• **Exercise inputs**
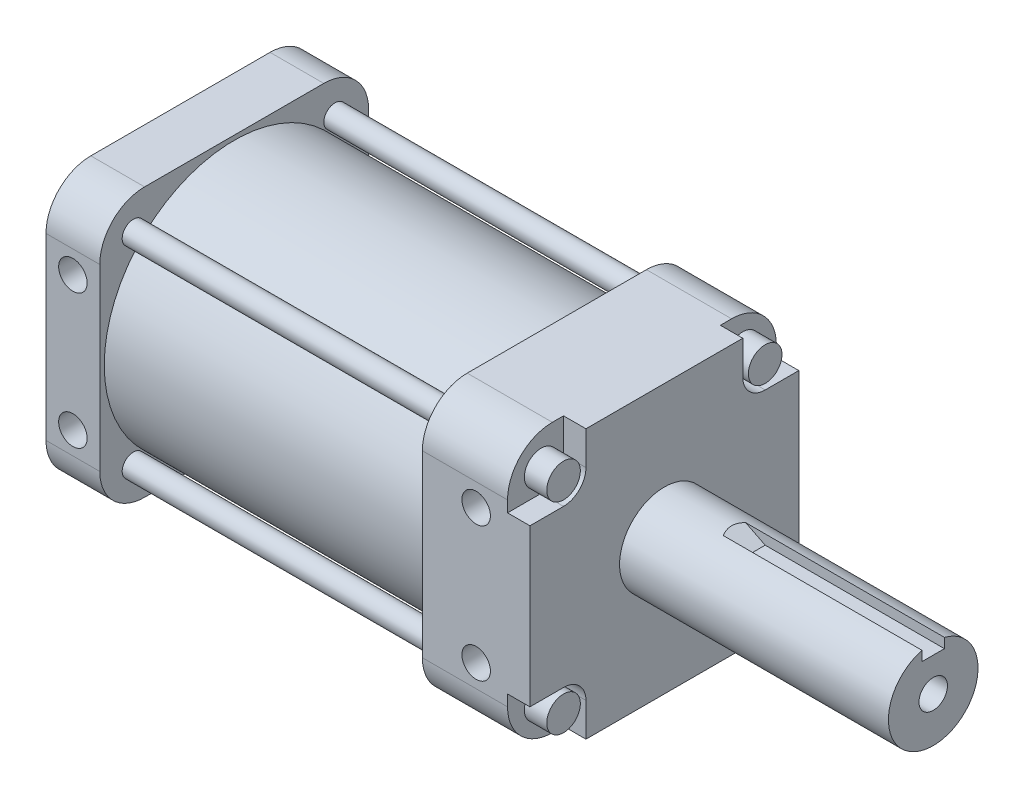
from build123d import *

# Parameters (mm, degrees)
BOSS_EXTRUDE1_DEPTH                  = 7.62
SKETCH2_R                            = 18.415
BOSS_EXTRUDE2_DEPTH                  = 45.72
BOSS_EXTRUDE3_DEPTH                  = 15.24
SKETCH5_R                            = 6.35
BOSS_EXTRUDE4_DEPTH                  = 38.1
F_10_32_TAPPED_HOLE1_D               = 4.0386
F_10_32_TAPPED_HOLE1_DEPTH           = 7.62
F_10_32_TAPPED_HOLE1_TIP             = 1.213317848
F_10_32_TAPPED_HOLE1_ON_FACE_2_D     = 4.0386
F_10_32_TAPPED_HOLE1_ON_FACE_2_DEPTH = 7.62
F_10_32_TAPPED_HOLE1_ON_FACE_2_TIP   = 1.213317848
CUT_EXTRUDE1_START                   = -7.62
SKETCH8_R                            = 17.78
CUT_EXTRUDE1_DEPTH                   = 45.72
CUT_EXTRUDE2_REACH                   = 112.029
SKETCH9_R                            = 6
CUT_EXTRUDE3_DEPTH                   = 1.5875
F_10_32_TAPPED_HOLE2_D               = 4.0386
F_10_32_TAPPED_HOLE2_DEPTH           = 7.62
F_10_32_TAPPED_HOLE2_TIP             = 1.213317848
CUT_EXTRUDE4_DEPTH                   = 3.175
BOSS_EXTRUDE5_REACH                  = 61.758
SKETCH15_R                           = 1.5875
SKETCH16_R                           = 2.38125
BOSS_EXTRUDE6_DEPTH                  = 3.175


with BuildPart() as part:
    # Sketch1 → Boss-Extrude1 (new body)
    with BuildSketch(Plane(origin=(0, 0, 0), x_dir=(0, 0, -1), z_dir=(1, 0, 0))):
        with BuildLine():
            Line((-12.7, 19.05), (12.7, 19.05))
            ThreePointArc((12.7, 19.05), (17.190128061, 17.190128061), (19.05, 12.7))
            Line((19.05, 12.7), (19.05, -12.7))
            ThreePointArc((19.05, -12.7), (17.190128061, -17.190128061), (12.7, -19.05))
            Line((12.7, -19.05), (-12.7, -19.05))
            ThreePointArc((-12.7, -19.05), (-17.190128061, -17.190128061), (-19.05, -12.7))
            Line((-19.05, -12.7), (-19.05, 12.7))
            ThreePointArc((-19.05, 12.7), (-17.190128061, 17.190128061), (-12.7, 19.05))
        make_face()
    extrude(amount=BOSS_EXTRUDE1_DEPTH)

    # Sketch2 → Boss-Extrude2 (add)
    with BuildSketch(Plane(origin=(7.62, 0, 0), x_dir=(0, 0, -1), z_dir=(1, 0, 0))):
        with Locations(Location((0, 0, 0), (0, 0, 180))):
            Circle(SKETCH2_R)
    extrude(amount=BOSS_EXTRUDE2_DEPTH)

    # Sketch4 → Boss-Extrude3 (add)
    with BuildSketch(Plane(origin=(53.34, 0, 0), x_dir=(0, 0, -1), z_dir=(1, 0, 0))):
        with BuildLine():
            Line((12.7, 19.05), (-12.7, 19.05))
            ThreePointArc((-12.7, 19.05), (-17.190128061, 17.190128061), (-19.05, 12.7))
            Line((-19.05, 12.7), (-19.05, -12.7))
            ThreePointArc((-19.05, -12.7), (-17.190128061, -17.190128061), (-12.7, -19.05))
            Line((-12.7, -19.05), (12.7, -19.05))
            ThreePointArc((12.7, -19.05), (17.190128061, -17.190128061), (19.05, -12.7))
            Line((19.05, -12.7), (19.05, 12.7))
            ThreePointArc((19.05, 12.7), (17.190128061, 17.190128061), (12.7, 19.05))
        make_face()
    extrude(amount=BOSS_EXTRUDE3_DEPTH)

    # Sketch5 → Boss-Extrude4 (add)
    with BuildSketch(Plane(origin=(68.58, 0, 0), x_dir=(0, 0, -1), z_dir=(1, 0, 0))):
        with Locations(Location((0, 0, 0), (0, 0, 180))):
            Circle(SKETCH5_R)
    extrude(amount=BOSS_EXTRUDE4_DEPTH)

    # #10-32 Tapped Hole1
    with Locations(Plane(origin=(60.96, 9.525, -19.05), x_dir=(-1, 0, 0), z_dir=(0, 0, -1))):
        with Locations((0, 0), (0, -19.05), (57.15, 0), (57.15, -19.05)):
            Hole(F_10_32_TAPPED_HOLE1_D / 2, depth=F_10_32_TAPPED_HOLE1_DEPTH)
            with Locations((0, 0, -(F_10_32_TAPPED_HOLE1_DEPTH + F_10_32_TAPPED_HOLE1_TIP / 2))):  # 118° drill point
                Cone(0, F_10_32_TAPPED_HOLE1_D / 2, F_10_32_TAPPED_HOLE1_TIP, mode=Mode.SUBTRACT)

    # #10-32 Tapped Hole1 on face 2
    with Locations(Plane(origin=(60.96, 9.525, 19.05), x_dir=(1, 0, 0), z_dir=(0, 0, 1))):
        with Locations((0, 0), (0, -19.05), (-57.15, 0), (-57.15, -19.05)):
            Hole(F_10_32_TAPPED_HOLE1_ON_FACE_2_D / 2, depth=F_10_32_TAPPED_HOLE1_ON_FACE_2_DEPTH)
            with Locations((0, 0, -(F_10_32_TAPPED_HOLE1_ON_FACE_2_DEPTH + F_10_32_TAPPED_HOLE1_ON_FACE_2_TIP / 2))):  # 118° drill point
                Cone(0, F_10_32_TAPPED_HOLE1_ON_FACE_2_D / 2, F_10_32_TAPPED_HOLE1_ON_FACE_2_TIP, mode=Mode.SUBTRACT)

    # Sketch8 → Cut-Extrude1 (cut)
    with BuildSketch(Plane.ZY.offset(CUT_EXTRUDE1_START)):
        Circle(SKETCH8_R)
    extrude(amount=-CUT_EXTRUDE1_DEPTH, mode=Mode.SUBTRACT)

    # Sketch9 → Cut-Extrude2 (cut, up to next)
    with BuildSketch(Plane.ZY, mode=Mode.PRIVATE) as cut_extrude2_sk1:
        Circle(SKETCH9_R)
    cut_extrude2_tool1 = extrude(cut_extrude2_sk1.sketch, amount=-CUT_EXTRUDE2_REACH, mode=Mode.PRIVATE) & part.part
    add(cut_extrude2_tool1.solids().sort_by_distance((0, 0, 0))[0], mode=Mode.SUBTRACT)

    # Sketch10 → Cut-Extrude3 (cut, symmetric)
    with BuildSketch(Plane.XY):
        Polygon((106.68, 4.7625), (81.28, 4.7625), (78.105, 6.35), (106.68, 6.35), align=None)
    extrude(amount=CUT_EXTRUDE3_DEPTH, both=True, mode=Mode.SUBTRACT)

    # #10-32 Tapped Hole2
    with Locations(Plane(origin=(106.68, 0, 0), x_dir=(0, 0, -1), z_dir=(1, 0, 0))):
        with Locations((0, 0)):
            Hole(F_10_32_TAPPED_HOLE2_D / 2, depth=F_10_32_TAPPED_HOLE2_DEPTH)
            with Locations((0, 0, -(F_10_32_TAPPED_HOLE2_DEPTH + F_10_32_TAPPED_HOLE2_TIP / 2))):  # 118° drill point
                Cone(0, F_10_32_TAPPED_HOLE2_D / 2, F_10_32_TAPPED_HOLE2_TIP, mode=Mode.SUBTRACT)

    # Sketch14 → Cut-Extrude4 (cut)
    with BuildSketch(Plane(origin=(68.58, 0, 0), x_dir=(0, 0, -1), z_dir=(1, 0, 0))):
        with BuildLine():
            Line((-14.2875, 11.1125), (-19.05, 11.1125))
            Line((-19.05, 11.1125), (-19.05, 19.05))
            Line((-19.05, 19.05), (-11.1125, 19.05))
            Line((-11.1125, 19.05), (-11.1125, 14.2875))
            ThreePointArc((-11.1125, 14.2875), (-12.04243597, 12.04243597), (-14.2875, 11.1125))
        make_face()
        with BuildLine():
            Line((-14.2875, -11.1125), (-19.05, -11.1125))
            Line((-19.05, -11.1125), (-19.05, -19.05))
            Line((-19.05, -19.05), (-11.1125, -19.05))
            Line((-11.1125, -19.05), (-11.1125, -14.2875))
            ThreePointArc((-11.1125, -14.2875), (-12.04243597, -12.04243597), (-14.2875, -11.1125))
        make_face()
        with BuildLine():
            Line((11.1125, 14.2875), (11.1125, 19.05))
            Line((11.1125, 19.05), (19.05, 19.05))
            Line((19.05, 19.05), (19.05, 11.1125))
            Line((19.05, 11.1125), (14.2875, 11.1125))
            ThreePointArc((14.2875, 11.1125), (12.04243597, 12.04243597), (11.1125, 14.2875))
        make_face()
        with BuildLine():
            Line((14.2875, -11.1125), (19.05, -11.1125))
            Line((19.05, -11.1125), (19.05, -19.05))
            Line((19.05, -19.05), (11.1125, -19.05))
            Line((11.1125, -19.05), (11.1125, -14.2875))
            ThreePointArc((11.1125, -14.2875), (12.04243597, -12.04243597), (14.2875, -11.1125))
        make_face()
    extrude(amount=-CUT_EXTRUDE4_DEPTH, mode=Mode.SUBTRACT)

    # Sketch15 → Boss-Extrude5 (add, up to next)
    with BuildSketch(Plane.ZY.offset(-53.34), mode=Mode.PRIVATE) as boss_extrude5_sk1:
        with Locations(Location((14.2875, 14.2875, 0), (0, 0, 180))):
            Circle(SKETCH15_R)
    boss_extrude5_tool1 = extrude(boss_extrude5_sk1.sketch, amount=BOSS_EXTRUDE5_REACH, mode=Mode.PRIVATE) - part.part
    # Sketch15 → Boss-Extrude5 (add, up to next)
    with BuildSketch(Plane.ZY.offset(-53.34), mode=Mode.PRIVATE) as boss_extrude5_sk2:
        with Locations(Location((-14.2875, 14.2875, 0), (0, 0, 180))):
            Circle(SKETCH15_R)
    boss_extrude5_tool2 = extrude(boss_extrude5_sk2.sketch, amount=BOSS_EXTRUDE5_REACH, mode=Mode.PRIVATE) - part.part
    # Sketch15 → Boss-Extrude5 (add, up to next)
    with BuildSketch(Plane.ZY.offset(-53.34), mode=Mode.PRIVATE) as boss_extrude5_sk3:
        with Locations(Location((14.2875, -14.2875, 0), (0, 0, 180))):
            Circle(SKETCH15_R)
    boss_extrude5_tool3 = extrude(boss_extrude5_sk3.sketch, amount=BOSS_EXTRUDE5_REACH, mode=Mode.PRIVATE) - part.part
    # Sketch15 → Boss-Extrude5 (add, up to next)
    with BuildSketch(Plane.ZY.offset(-53.34), mode=Mode.PRIVATE) as boss_extrude5_sk4:
        with Locations(Location((-14.2875, -14.2875, 0), (0, 0, 180))):
            Circle(SKETCH15_R)
    boss_extrude5_tool4 = extrude(boss_extrude5_sk4.sketch, amount=BOSS_EXTRUDE5_REACH, mode=Mode.PRIVATE) - part.part
    add(boss_extrude5_tool1.solids().sort_by_distance((53.34, 14.2875, 14.2875))[0])
    add(boss_extrude5_tool2.solids().sort_by_distance((53.34, 14.2875, -14.2875))[0])
    add(boss_extrude5_tool3.solids().sort_by_distance((53.34, -14.2875, 14.2875))[0])
    add(boss_extrude5_tool4.solids().sort_by_distance((53.34, -14.2875, -14.2875))[0])

    # Sketch16 → Boss-Extrude6 (add)
    with BuildSketch(Plane(origin=(65.405, 0, 0), x_dir=(0, 0, -1), z_dir=(1, 0, 0))):
        with Locations((-14.2875, 14.2875)):
            Circle(SKETCH16_R)
        with Locations((-14.2875, -14.2875)):
            Circle(SKETCH16_R)
        with Locations((14.2875, -14.2875)):
            Circle(SKETCH16_R)
        with Locations((14.2875, 14.2875)):
            Circle(SKETCH16_R)
    extrude(amount=BOSS_EXTRUDE6_DEPTH)


solid = part.part

• **Task description**
The answer must be a single number: the count of lines in the listing that hold the string "SUBTRACT".

• **Response**
7